Token Counter

A simple, fast, and user-friendly command-line tool to count the number of tokens in a text file. It provides a progress bar for large files and displays the output in a clean, readable format.
This tool uses the tiktoken
library, which is the same tokenizer used by OpenAI for its large language models.
Features
- Fast Tokenization: Leverages
tiktoken
for high-performance token counting.
- Progress Bar: A
rich
-powered progress bar shows the status of large files.
- Styled Output: Displays results in a clean, formatted table.
- Flexible Encoding Selection: Choose specific
tiktoken
encodings via a flag or an interactive menu.
- Multiple File/Directory Support: Count tokens across multiple specified files or all supported files within a directory.
- Exclusion Patterns: Exclude files or directories using glob patterns.
- File Extension Control: Override default file extensions or add new ones to customize which files are processed.
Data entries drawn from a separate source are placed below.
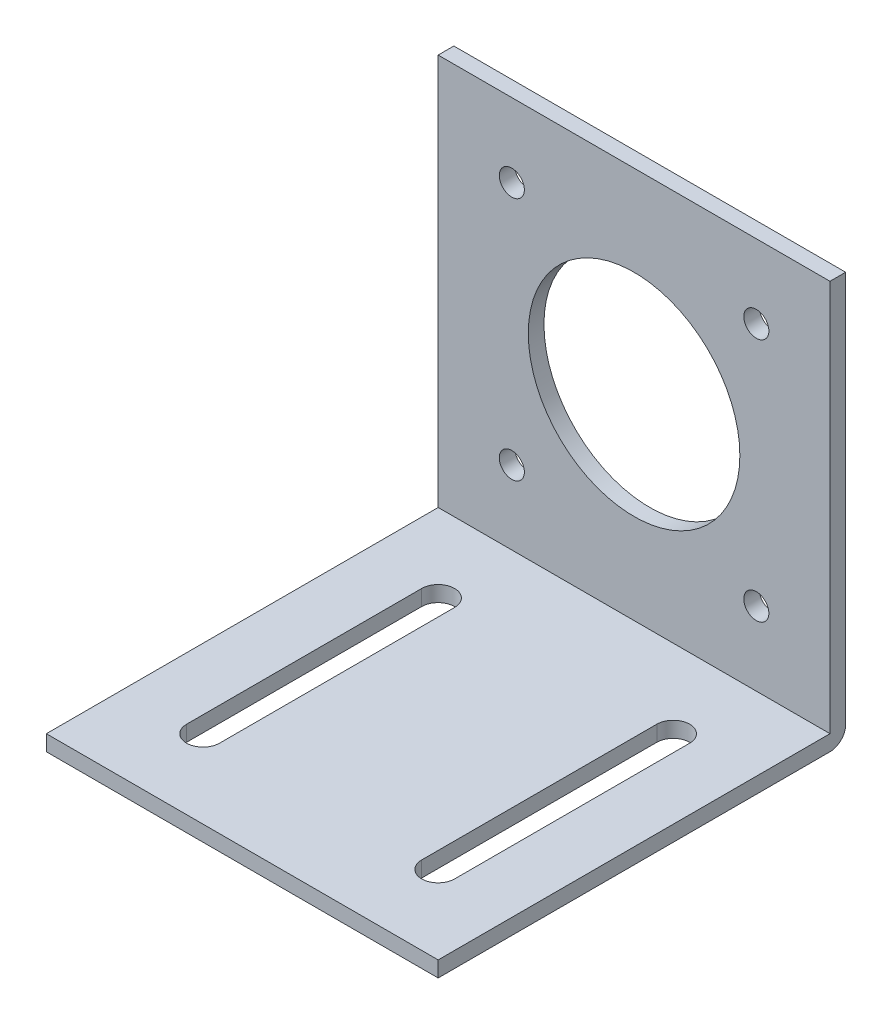
ISO-10303-21;
HEADER;
FILE_DESCRIPTION(('STEP AP214'),'2;1');
FILE_NAME('part.step','',(''),(''),'','','');
FILE_SCHEMA(('AUTOMOTIVE_DESIGN { 1 0 10303 214 1 1 1 1 }'));
ENDSEC;
DATA;
#1=APPLICATION_CONTEXT('core data for automotive mechanical design processes');
#2=APPLICATION_PROTOCOL_DEFINITION('international standard','automotive_design',2000,#1);
#3=PRODUCT_CONTEXT('',#1,'mechanical');
#4=PRODUCT('Part','Part','',(#3));
#5=PRODUCT_RELATED_PRODUCT_CATEGORY('part','',(#4));
#6=PRODUCT_DEFINITION_FORMATION('','',#4);
#7=PRODUCT_DEFINITION_CONTEXT('part definition',#1,'design');
#8=PRODUCT_DEFINITION('design','',#6,#7);
#9=PRODUCT_DEFINITION_SHAPE('','',#8);
#10=(LENGTH_UNIT() NAMED_UNIT(*) SI_UNIT(.MILLI.,.METRE.));
#11=(NAMED_UNIT(*) PLANE_ANGLE_UNIT() SI_UNIT($,.RADIAN.));
#12=(NAMED_UNIT(*) SI_UNIT($,.STERADIAN.) SOLID_ANGLE_UNIT());
#13=UNCERTAINTY_MEASURE_WITH_UNIT(LENGTH_MEASURE(1.E-05),#10,'distance_accuracy_value','');
#14=(GEOMETRIC_REPRESENTATION_CONTEXT(3) GLOBAL_UNCERTAINTY_ASSIGNED_CONTEXT((#13)) GLOBAL_UNIT_ASSIGNED_CONTEXT((#10,
#11,#12)) REPRESENTATION_CONTEXT('',''));
#15=CARTESIAN_POINT('',(0.,0.,0.));
#16=DIRECTION('',(0.,0.,1.));
#17=DIRECTION('',(1.,0.,0.));
#18=AXIS2_PLACEMENT_3D('',#15,#16,#17);
#19=CARTESIAN_POINT('',(0.,2.,0.));
#20=DIRECTION('',(0.,-1.,0.));
#21=DIRECTION('',(0.,0.,-1.));
#22=AXIS2_PLACEMENT_3D('',#19,#20,#21);
#23=PLANE('',#22);
#24=CARTESIAN_POINT('',(-15.,2.,-15.));
#25=DIRECTION('',(0.,1.,0.));
#26=DIRECTION('',(0.,0.,1.));
#27=AXIS2_PLACEMENT_3D('',#24,#25,#26);
#28=CIRCLE('',#27,2.1);
#29=CARTESIAN_POINT('',(-12.9,2.,-15.));
#30=VERTEX_POINT('',#29);
#31=CARTESIAN_POINT('',(-17.1,2.,-15.));
#32=VERTEX_POINT('',#31);
#33=EDGE_CURVE('E207',#30,#32,#28,.T.);
#34=ORIENTED_EDGE('',*,*,#33,.F.);
#35=DIRECTION('',(0.,0.,-1.));
#36=VECTOR('',#35,1.);
#37=CARTESIAN_POINT('',(-12.9,2.,-15.));
#38=LINE('',#37,#36);
#39=CARTESIAN_POINT('',(-12.9,2.,15.));
#40=VERTEX_POINT('',#39);
#41=EDGE_CURVE('E215',#40,#30,#38,.T.);
#42=ORIENTED_EDGE('',*,*,#41,.F.);
#43=CARTESIAN_POINT('',(-15.,2.,15.));
#44=DIRECTION('',(0.,1.,0.));
#45=DIRECTION('',(0.,0.,1.));
#46=AXIS2_PLACEMENT_3D('',#43,#44,#45);
#47=CIRCLE('',#46,2.1);
#48=CARTESIAN_POINT('',(-17.1,2.,15.));
#49=VERTEX_POINT('',#48);
#50=EDGE_CURVE('E212',#49,#40,#47,.T.);
#51=ORIENTED_EDGE('',*,*,#50,.F.);
#52=DIRECTION('',(0.,0.,1.));
#53=VECTOR('',#52,1.);
#54=CARTESIAN_POINT('',(-17.1,2.,-15.));
#55=LINE('',#54,#53);
#56=EDGE_CURVE('E209',#32,#49,#55,.T.);
#57=ORIENTED_EDGE('',*,*,#56,.F.);
#58=EDGE_LOOP('',(#34,#42,#51,#57));
#59=FACE_BOUND('',#58,.T.);
#60=DIRECTION('',(0.,0.,-1.));
#61=VECTOR('',#60,1.);
#62=CARTESIAN_POINT('',(25.,2.,25.));
#63=LINE('',#62,#61);
#64=CARTESIAN_POINT('',(25.,2.,25.));
#65=VERTEX_POINT('',#64);
#66=CARTESIAN_POINT('',(25.,2.00000000000002,-25.));
#67=VERTEX_POINT('',#66);
#68=EDGE_CURVE('E238',#65,#67,#63,.T.);
#69=ORIENTED_EDGE('',*,*,#68,.T.);
#70=DIRECTION('',(-1.,0.,0.));
#71=VECTOR('',#70,1.);
#72=CARTESIAN_POINT('',(-25.,2.,-25.));
#73=LINE('',#72,#71);
#74=CARTESIAN_POINT('',(-25.,2.,-25.));
#75=VERTEX_POINT('',#74);
#76=EDGE_CURVE('E143',#67,#75,#73,.T.);
#77=ORIENTED_EDGE('',*,*,#76,.T.);
#78=DIRECTION('',(0.,0.,1.));
#79=VECTOR('',#78,1.);
#80=CARTESIAN_POINT('',(-25.,2.,25.));
#81=LINE('',#80,#79);
#82=CARTESIAN_POINT('',(-25.,2.,25.));
#83=VERTEX_POINT('',#82);
#84=EDGE_CURVE('E242',#75,#83,#81,.T.);
#85=ORIENTED_EDGE('',*,*,#84,.T.);
#86=DIRECTION('',(1.,0.,0.));
#87=VECTOR('',#86,1.);
#88=CARTESIAN_POINT('',(-25.,2.,25.));
#89=LINE('',#88,#87);
#90=EDGE_CURVE('E244',#83,#65,#89,.T.);
#91=ORIENTED_EDGE('',*,*,#90,.T.);
#92=EDGE_LOOP('',(#69,#77,#85,#91));
#93=FACE_BOUND('',#92,.T.);
#94=CARTESIAN_POINT('',(15.,2.,-15.));
#95=DIRECTION('',(0.,1.,0.));
#96=DIRECTION('',(0.,0.,-1.));
#97=AXIS2_PLACEMENT_3D('',#94,#95,#96);
#98=CIRCLE('',#97,2.1);
#99=CARTESIAN_POINT('',(17.1,2.,-15.));
#100=VERTEX_POINT('',#99);
#101=CARTESIAN_POINT('',(12.9,2.,-15.));
#102=VERTEX_POINT('',#101);
#103=EDGE_CURVE('E176',#100,#102,#98,.T.);
#104=ORIENTED_EDGE('',*,*,#103,.F.);
#105=DIRECTION('',(0.,0.,-1.));
#106=VECTOR('',#105,1.);
#107=CARTESIAN_POINT('',(17.1,2.,-15.));
#108=LINE('',#107,#106);
#109=CARTESIAN_POINT('',(17.1,2.,15.));
#110=VERTEX_POINT('',#109);
#111=EDGE_CURVE('E184',#110,#100,#108,.T.);
#112=ORIENTED_EDGE('',*,*,#111,.F.);
#113=CARTESIAN_POINT('',(15.,2.,15.));
#114=DIRECTION('',(0.,1.,0.));
#115=DIRECTION('',(0.,0.,-1.));
#116=AXIS2_PLACEMENT_3D('',#113,#114,#115);
#117=CIRCLE('',#116,2.1);
#118=CARTESIAN_POINT('',(12.9,2.,15.));
#119=VERTEX_POINT('',#118);
#120=EDGE_CURVE('E181',#119,#110,#117,.T.);
#121=ORIENTED_EDGE('',*,*,#120,.F.);
#122=DIRECTION('',(0.,0.,1.));
#123=VECTOR('',#122,1.);
#124=CARTESIAN_POINT('',(12.9,2.,-15.));
#125=LINE('',#124,#123);
#126=EDGE_CURVE('E178',#102,#119,#125,.T.);
#127=ORIENTED_EDGE('',*,*,#126,.F.);
#128=EDGE_LOOP('',(#104,#112,#121,#127));
#129=FACE_BOUND('',#128,.T.);
#130=ADVANCED_FACE('F33',(#59,#93,#129),#23,.F.);
#131=CARTESIAN_POINT('',(0.,0.,0.));
#132=DIRECTION('',(0.,-1.,0.));
#133=DIRECTION('',(0.,0.,-1.));
#134=AXIS2_PLACEMENT_3D('',#131,#132,#133);
#135=PLANE('',#134);
#136=DIRECTION('',(0.,0.,1.));
#137=VECTOR('',#136,1.);
#138=CARTESIAN_POINT('',(-25.,0.,25.));
#139=LINE('',#138,#137);
#140=CARTESIAN_POINT('',(-25.,0.,-25.));
#141=VERTEX_POINT('',#140);
#142=CARTESIAN_POINT('',(-25.,0.,25.));
#143=VERTEX_POINT('',#142);
#144=EDGE_CURVE('E248',#141,#143,#139,.T.);
#145=ORIENTED_EDGE('',*,*,#144,.F.);
#146=DIRECTION('',(1.,0.,0.));
#147=VECTOR('',#146,1.);
#148=CARTESIAN_POINT('',(0.,0.,-25.));
#149=LINE('',#148,#147);
#150=CARTESIAN_POINT('',(25.,0.,-25.));
#151=VERTEX_POINT('',#150);
#152=EDGE_CURVE('E256',#141,#151,#149,.T.);
#153=ORIENTED_EDGE('',*,*,#152,.T.);
#154=DIRECTION('',(0.,0.,-1.));
#155=VECTOR('',#154,1.);
#156=CARTESIAN_POINT('',(25.,0.,25.));
#157=LINE('',#156,#155);
#158=CARTESIAN_POINT('',(25.,0.,25.));
#159=VERTEX_POINT('',#158);
#160=EDGE_CURVE('E237',#159,#151,#157,.T.);
#161=ORIENTED_EDGE('',*,*,#160,.F.);
#162=DIRECTION('',(1.,0.,0.));
#163=VECTOR('',#162,1.);
#164=CARTESIAN_POINT('',(-25.,0.,25.));
#165=LINE('',#164,#163);
#166=EDGE_CURVE('E240',#143,#159,#165,.T.);
#167=ORIENTED_EDGE('',*,*,#166,.F.);
#168=EDGE_LOOP('',(#145,#153,#161,#167));
#169=FACE_BOUND('',#168,.T.);
#170=DIRECTION('',(0.,0.,-1.));
#171=VECTOR('',#170,1.);
#172=CARTESIAN_POINT('',(-12.9,0.,-15.));
#173=LINE('',#172,#171);
#174=CARTESIAN_POINT('',(-12.9,0.,15.));
#175=VERTEX_POINT('',#174);
#176=CARTESIAN_POINT('',(-12.9,0.,-15.));
#177=VERTEX_POINT('',#176);
#178=EDGE_CURVE('E210',#175,#177,#173,.T.);
#179=ORIENTED_EDGE('',*,*,#178,.T.);
#180=CARTESIAN_POINT('',(-15.,0.,-15.));
#181=DIRECTION('',(0.,1.,0.));
#182=DIRECTION('',(0.,0.,1.));
#183=AXIS2_PLACEMENT_3D('',#180,#181,#182);
#184=CIRCLE('',#183,2.1);
#185=CARTESIAN_POINT('',(-17.1,0.,-15.));
#186=VERTEX_POINT('',#185);
#187=EDGE_CURVE('E206',#177,#186,#184,.T.);
#188=ORIENTED_EDGE('',*,*,#187,.T.);
#189=DIRECTION('',(0.,0.,1.));
#190=VECTOR('',#189,1.);
#191=CARTESIAN_POINT('',(-17.1,0.,-15.));
#192=LINE('',#191,#190);
#193=CARTESIAN_POINT('',(-17.1,0.,15.));
#194=VERTEX_POINT('',#193);
#195=EDGE_CURVE('E220',#186,#194,#192,.T.);
#196=ORIENTED_EDGE('',*,*,#195,.T.);
#197=CARTESIAN_POINT('',(-15.,0.,15.));
#198=DIRECTION('',(0.,1.,0.));
#199=DIRECTION('',(0.,0.,1.));
#200=AXIS2_PLACEMENT_3D('',#197,#198,#199);
#201=CIRCLE('',#200,2.1);
#202=EDGE_CURVE('E223',#194,#175,#201,.T.);
#203=ORIENTED_EDGE('',*,*,#202,.T.);
#204=EDGE_LOOP('',(#179,#188,#196,#203));
#205=FACE_BOUND('',#204,.T.);
#206=DIRECTION('',(0.,0.,-1.));
#207=VECTOR('',#206,1.);
#208=CARTESIAN_POINT('',(17.1,0.,-15.));
#209=LINE('',#208,#207);
#210=CARTESIAN_POINT('',(17.1,0.,15.));
#211=VERTEX_POINT('',#210);
#212=CARTESIAN_POINT('',(17.1,0.,-15.));
#213=VERTEX_POINT('',#212);
#214=EDGE_CURVE('E179',#211,#213,#209,.T.);
#215=ORIENTED_EDGE('',*,*,#214,.T.);
#216=CARTESIAN_POINT('',(15.,0.,-15.));
#217=DIRECTION('',(0.,1.,0.));
#218=DIRECTION('',(0.,0.,-1.));
#219=AXIS2_PLACEMENT_3D('',#216,#217,#218);
#220=CIRCLE('',#219,2.1);
#221=CARTESIAN_POINT('',(12.9,0.,-15.));
#222=VERTEX_POINT('',#221);
#223=EDGE_CURVE('E172',#213,#222,#220,.T.);
#224=ORIENTED_EDGE('',*,*,#223,.T.);
#225=DIRECTION('',(0.,0.,1.));
#226=VECTOR('',#225,1.);
#227=CARTESIAN_POINT('',(12.9,0.,-15.));
#228=LINE('',#227,#226);
#229=CARTESIAN_POINT('',(12.9,0.,15.));
#230=VERTEX_POINT('',#229);
#231=EDGE_CURVE('E189',#222,#230,#228,.T.);
#232=ORIENTED_EDGE('',*,*,#231,.T.);
#233=CARTESIAN_POINT('',(15.,0.,15.));
#234=DIRECTION('',(0.,1.,0.));
#235=DIRECTION('',(0.,0.,-1.));
#236=AXIS2_PLACEMENT_3D('',#233,#234,#235);
#237=CIRCLE('',#236,2.1);
#238=EDGE_CURVE('E192',#230,#211,#237,.T.);
#239=ORIENTED_EDGE('',*,*,#238,.T.);
#240=EDGE_LOOP('',(#215,#224,#232,#239));
#241=FACE_BOUND('',#240,.T.);
#242=ADVANCED_FACE('F263',(#169,#205,#241),#135,.T.);
#243=CARTESIAN_POINT('',(25.,2.,25.));
#244=DIRECTION('',(-1.,0.,0.));
#245=DIRECTION('',(0.,0.,1.));
#246=AXIS2_PLACEMENT_3D('',#243,#244,#245);
#247=PLANE('',#246);
#248=ORIENTED_EDGE('',*,*,#160,.T.);
#249=CARTESIAN_POINT('',(25.,2.,-25.));
#250=DIRECTION('',(-1.,0.,0.));
#251=DIRECTION('',(0.,0.,1.));
#252=AXIS2_PLACEMENT_3D('',#249,#250,#251);
#253=CIRCLE('',#252,2.);
#254=CARTESIAN_POINT('',(25.,2.00000000000002,-27.));
#255=VERTEX_POINT('',#254);
#256=EDGE_CURVE('E55',#151,#255,#253,.F.);
#257=ORIENTED_EDGE('',*,*,#256,.T.);
#258=DIRECTION('',(0.,-1.,0.));
#259=VECTOR('',#258,1.);
#260=CARTESIAN_POINT('',(25.,52.,-27.));
#261=LINE('',#260,#259);
#262=CARTESIAN_POINT('',(25.,52.,-27.));
#263=VERTEX_POINT('',#262);
#264=EDGE_CURVE('E161',#263,#255,#261,.T.);
#265=ORIENTED_EDGE('',*,*,#264,.F.);
#266=DIRECTION('',(0.,0.,1.));
#267=VECTOR('',#266,1.);
#268=CARTESIAN_POINT('',(25.,52.,-25.));
#269=LINE('',#268,#267);
#270=CARTESIAN_POINT('',(25.,52.,-25.));
#271=VERTEX_POINT('',#270);
#272=EDGE_CURVE('E155',#263,#271,#269,.T.);
#273=ORIENTED_EDGE('',*,*,#272,.T.);
#274=DIRECTION('',(0.,-1.,0.));
#275=VECTOR('',#274,1.);
#276=CARTESIAN_POINT('',(25.,52.,-25.));
#277=LINE('',#276,#275);
#278=EDGE_CURVE('E138',#271,#67,#277,.T.);
#279=ORIENTED_EDGE('',*,*,#278,.T.);
#280=ORIENTED_EDGE('',*,*,#68,.F.);
#281=DIRECTION('',(0.,-1.,0.));
#282=VECTOR('',#281,1.);
#283=CARTESIAN_POINT('',(25.,2.,25.));
#284=LINE('',#283,#282);
#285=EDGE_CURVE('E246',#65,#159,#284,.T.);
#286=ORIENTED_EDGE('',*,*,#285,.T.);
#287=EDGE_LOOP('',(#248,#257,#265,#273,#279,#280,#286));
#288=FACE_BOUND('',#287,.T.);
#289=ADVANCED_FACE('F160',(#288),#247,.F.);
#290=CARTESIAN_POINT('',(-25.,2.,25.));
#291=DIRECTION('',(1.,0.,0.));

Supports wildcard auto-discovery.
- Recursive Directory Scanning: Optionally scan subdirectories recursively for comprehensive project analysis.
- LLM Context Limit Comparison: Compare token counts against common Large Language Model context window limits. These limits are loaded from
src/token_counter/llm_limits.json
and can be customized.
- Stdin Support: Process text piped directly to the tool.
- Easy to Use: Simple command-line interface for quick use.
Installation & Usage
Option 1: Install from PyPI (Recommended)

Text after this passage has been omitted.